HLS vs DASH: Which Streaming Format is Better?

The battle of streaming protocols: Apple's HLS vs. the industry standard MPEG-DASH. We break down the differences to help you decide.

Introduction

If you're involved in video streaming, you've likely encountered two main acronyms: HLS (HTTP Live Streaming) and MPEG-DASH (Dynamic Adaptive Streaming over HTTP). Both are adaptive bitrate streaming protocols that dominate the modern web, but they have distinct histories, features, and use cases.

In this guide, we'll compare them head-to-head to help you understand which one is right for your needs in 2025.

What is HLS?

HLS (HTTP Live Streaming) was developed by Apple in 2009. It was originally designed to solve streaming issues on iPhones but has since become the most widely supported streaming protocol globally.

What is MPEG-DASH?

MPEG-DASH is an open standard developed by the Moving Picture Experts Group (MPEG).

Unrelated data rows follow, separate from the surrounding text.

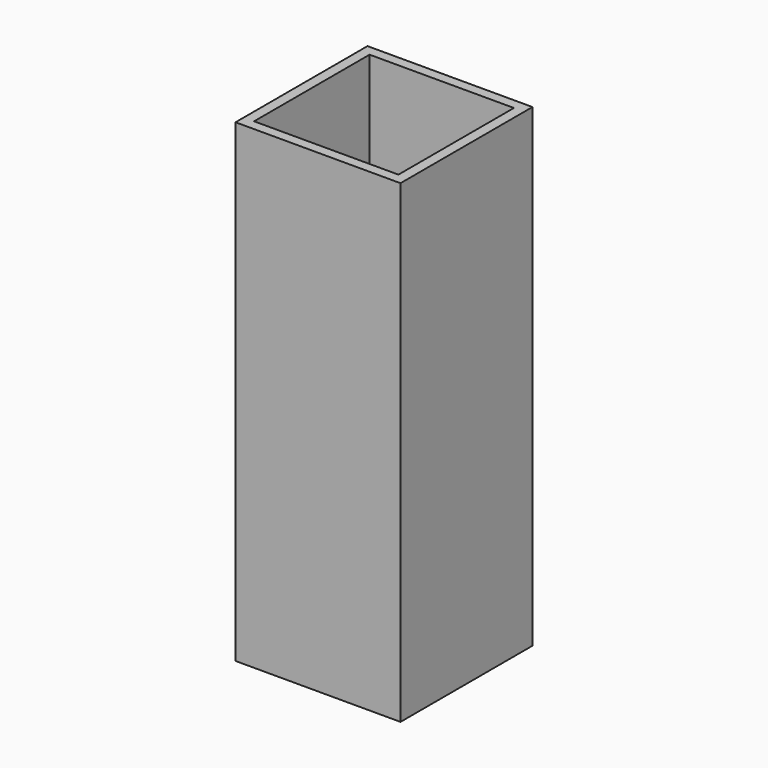
from build123d import *

# Parameters (mm, degrees)
F1_W     = 25.4
F1_H     = 25.4
F2_DEPTH = 73.025
F3_T     = -1.5875
F4_DEPTH = 1.5885


# Not quite as in the source:
# - a variable given as a bare number and used for a length is read in inches; the dataset says mm whatever the document's units were


with BuildPart() as f2:
    # F1 (on Top) → F2 (new body)
    with BuildSketch(Plane.XY):
        Rectangle(F1_W, F1_H)
    extrude(amount=F2_DEPTH)

    # F3
    f3_openings = [f2.faces().sort_by_distance(p)[0] for p in [
        (0, 0, 73.025),
    ]]
    offset(amount=F3_T, openings=f3_openings)

    # F4 (cut, through all): a face of the model
    f4_faces = [f2.faces().sort_by_distance(p)[0] for p in [
        (0, 0, 1.5875),
    ]]
    extrude(f4_faces, amount=-F4_DEPTH, mode=Mode.SUBTRACT)


solid = f2.part
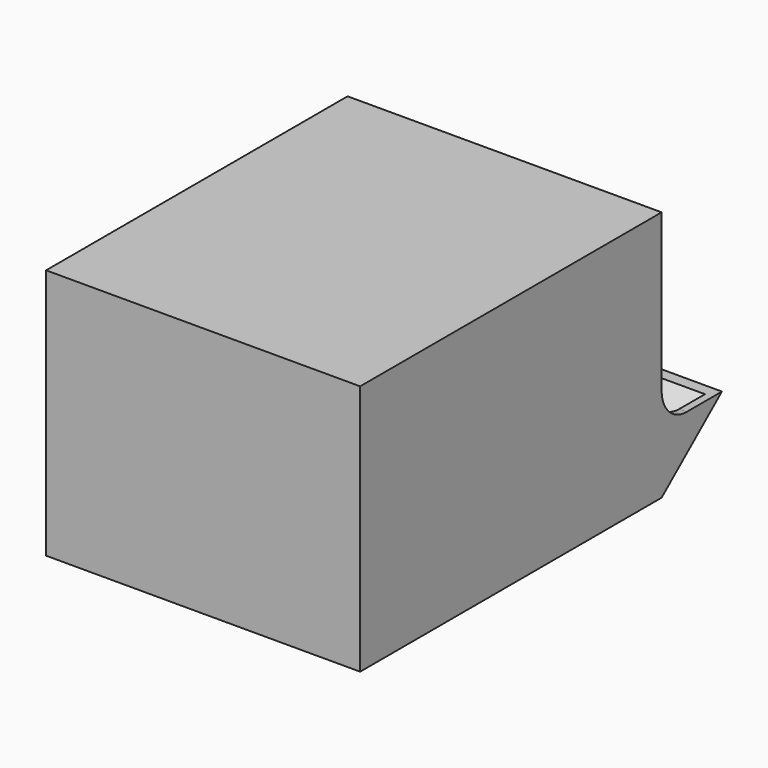
from build123d import *

# Parameters (mm, degrees)
F1_DEPTH = 25
F2_T     = -1.2
F3_R     = 20
F4_R     = 5


with BuildPart() as f1:
    # F0 (on Right) → F1 (new body, symmetric)
    with BuildSketch(Plane.YZ):
        Polygon((30, -10), (30, 20), (-30, 20), (-30, -20), (30, -20), align=None)
        Polygon((42, -10), (30, -10), (30, -20), align=None)
    extrude(amount=F1_DEPTH, both=True)

    # F2
    f2_openings = [f1.faces().sort_by_distance(p)[0] for p in [
        (0, 30, 5),
        (0, 36, -10),
    ]]
    offset(amount=F2_T, openings=f2_openings)

    # F3
    f3_edges = [f1.edges().sort_by_distance(p)[0] for p in [
        (0, 29.56554, -18.8),
    ]]
    fillet(f3_edges, radius=F3_R)

    # F4
    f4_edges = [f1.edges().sort_by_distance(p)[0] for p in [
        (-24.4, 30, -10),
        (24.4, 30, -10),
    ]]
    fillet(f4_edges, radius=F4_R)


solid = f1.part

Unlike HLS, which is proprietary to Apple (though widely adopted), DASH is codec-agnostic and vendor-independent.

Key Differences

Feature HLS MPEG-DASH
Developer Apple MPEG (International Standard)
Codec Support Limited (H.264/H.265) Agnostic (Supports VP9, AV1)
Container Format MPEG-2 TS (legacy), fMP4 fMP4, WebM
DRM FairPlay (Apple) Widevine (Google), PlayReady (Microsoft)
Latency Higher (typically 6-30s) Lower (can be <5s)

Pros & Cons

HLS Pros & Cons

✅ Pros

  • Native support on all Apple devices
  • Widely supported on almost all players
  • Simple infrastructure requirements

❌ Cons

  • Higher latency by default
  • Restricted codec support (mostly)

DASH Pros & Cons

✅ Pros

  • Codec agnostic (supports open codecs like AV1)
  • Lower latency options
  • International standard

❌ Cons

  • No native support on iOS/Safari
  • More complex to configure

Device Compatibility

This is often the deciding factor.

Critical Note: If your audience uses iPhones, you MUST have an HLS stream. iOS Safari does not support DASH.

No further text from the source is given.